■ **Task goal**: Look through the entries below and say how many lines contain the string "name". Give the number only.

---------- Entries supplied ----------

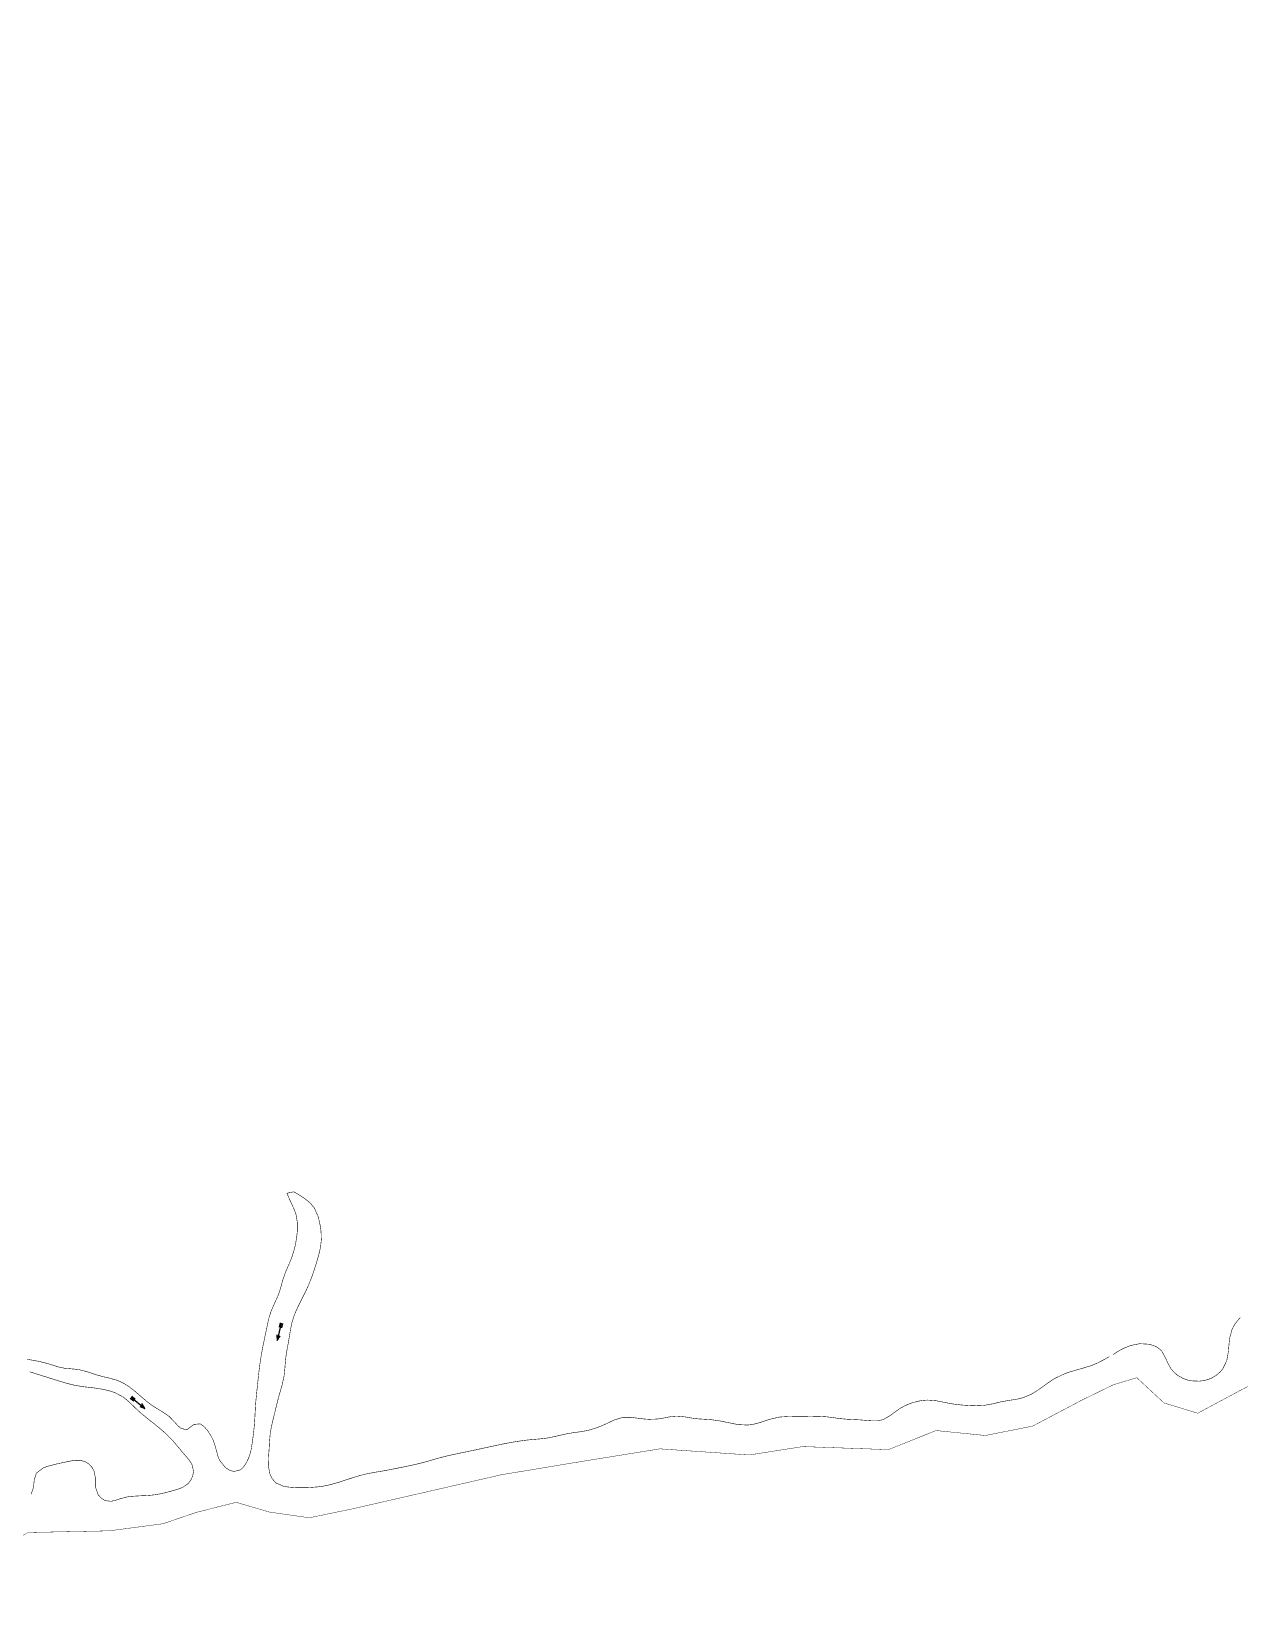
# Model space of a CAD drawing. Extents: x 201549 to 203722, y 4857623 to 4859778.
# Drawn here: x 201955 to 202361, y 4857623 to 4858150 of the extents above; entities that cross this region are included whole.
import ezdxf

# ---------------------------------------------------------------- set-up
doc = ezdxf.new("R2010")
doc.units = 0
doc.header["$LTSCALE"] = 1.5
doc.header["$MEASUREMENT"] = 0
for name, color, linetype in [('HD-CURSO-PERENE', 170, 'CONTINUOUS'), ('HD-TXT-PERENE', 170, 'CONTINUOUS'), ('LM-LIM-SETOR-FISCAL', 7, 'CONTINUOUS')]:
    doc.layers.add(name, color=color, linetype=linetype)
doc.linetypes.add('Limite', pattern='A,20,-3,[130,ltypeshp.shx,S=6.35,R=0,X=0,Y=0],-3,20', length=46)

# ---------------------------------------------------------------- blocks, each defined once
blk = doc.blocks.new('COD035', base_point=(203342.26, 4859498.08))
at = {"layer": 'HD-TXT-PERENE'}
for p, q in [((203342.26, 4859498.485731), (203343.76, 4859498.485731)), ((203342.26, 4859498.085731), (203348.26, 4859498.085731)), ((203342.26, 4859497.685731), (203343.76, 4859497.685731))]:
    blk.add_line(p, q, dxfattribs=at)
blk.add_lwpolyline([(203346.46, 4859497.485731), (203348.26, 4859498.085731), (203346.46, 4859498.685731)], dxfattribs=at)

msp = doc.modelspace()

# ---------------------------------------------------------------- linework, layer by layer
at = {"layer": 'HD-CURSO-PERENE', "const_width": 0.18}
for points in [[(201953.732043, 4857703.315944), (201956.5597, 4857702.805989), (201958.029864, 4857702.508201), (201960.03734, 4857702.014017), (201961.47778, 4857701.579481), (201962.913032, 4857701.123857), (201964.354274, 4857700.703343), (201966.195544, 4857700.310514), (201969.187598, 4857700.048003), (201971.01722, 4857699.851779), (201973.908785, 4857699.108292), (201975.333437, 4857698.621796), (201976.760727, 4857698.134236), (201979.450057, 4857697.399603), (201980.917888, 4857697.077081), (201983.567964, 4857696.365461), (201984.960197, 4857695.806721), (201986.301359, 4857695.119695), (201987.584455, 4857694.324974), (201989.603541, 4857692.799089), (201991.86401, 4857690.831286), (201993.871891, 4857689.142554), (201995.07665, 4857688.223064), (201996.306414, 4857687.363635), (201998.767984, 4857685.884945), (202001.263991, 4857684.204019), (202002.911299, 4857682.529083), (202004.109955, 4857681.195204), (202005.30172, 4857680.107189), (202007.274924, 4857679.631137), (202009.74428, 4857681.432071), (202011.817068, 4857681.62664), (202013.102839, 4857680.717253), (202014.260325, 4857679.40146), (202015.474653, 4857677.532235), (202016.131146, 4857676.178084), (202016.999199, 4857673.574272), (202017.779753, 4857670.700611), (202018.358338, 4857669.300641), (202020.290266, 4857666.922106), (202021.668854, 4857666.046005), (202023.122969, 4857665.599364), (202025.367049, 4857666.176724), (202026.453742, 4857667.231772), (202027.353655, 4857668.605419), (202028.061089, 4857670.119429), (202028.615771, 4857671.754655), (202028.966487, 4857673.216979), (202029.416828, 4857676.116409), (202029.613973, 4857677.65069), (202029.792696, 4857679.141225), (202029.950028, 4857680.641493), (202030.13955, 4857683.141831), (202030.219244, 4857684.640199), (202030.380209, 4857687.631528), (202030.512335, 4857689.347384), (202030.807905, 4857692.333227), (202030.969215, 4857693.825609), (202031.206438, 4857696.061445), (202031.528987, 4857699.043785), (202031.708465, 4857700.533856), (202031.908133, 4857702.020959), (202032.129583, 4857703.505144), (202032.373198, 4857704.985486), (202032.904663, 4857707.821114), (202033.517311, 4857710.755572), (202033.829684, 4857712.223894), (202034.374227, 4857714.84747), (202034.697765, 4857716.316819), (202035.071161, 4857717.769737), (202035.578855, 4857719.344168), (202036.770495, 4857722.095969), (202037.410184, 4857723.456934), (202038.011423, 4857724.831818), (202038.786556, 4857727.104132), (202039.179258, 4857728.553563), (202039.572994, 4857730.003091), (202040.480906, 4857732.598163), (202041.079741, 4857733.975755), (202041.694759, 4857735.346271), (202042.774086, 4857738.075017), (202043.593331, 4857740.951678), (202043.906256, 4857742.429523), (202044.319487, 4857745.12231), (202044.456982, 4857746.642778), (202044.471905, 4857749.16179), (202044.002622, 4857751.944991), (202043.488138, 4857753.443965), (202042.367363, 4857755.910532), (202041.542869, 4857757.645534), (202040.967471, 4857759.112952), (202043.235768, 4857759.600012), (202044.872005, 4857758.656672), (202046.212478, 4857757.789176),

----------

■ **Result of the exercise**: 2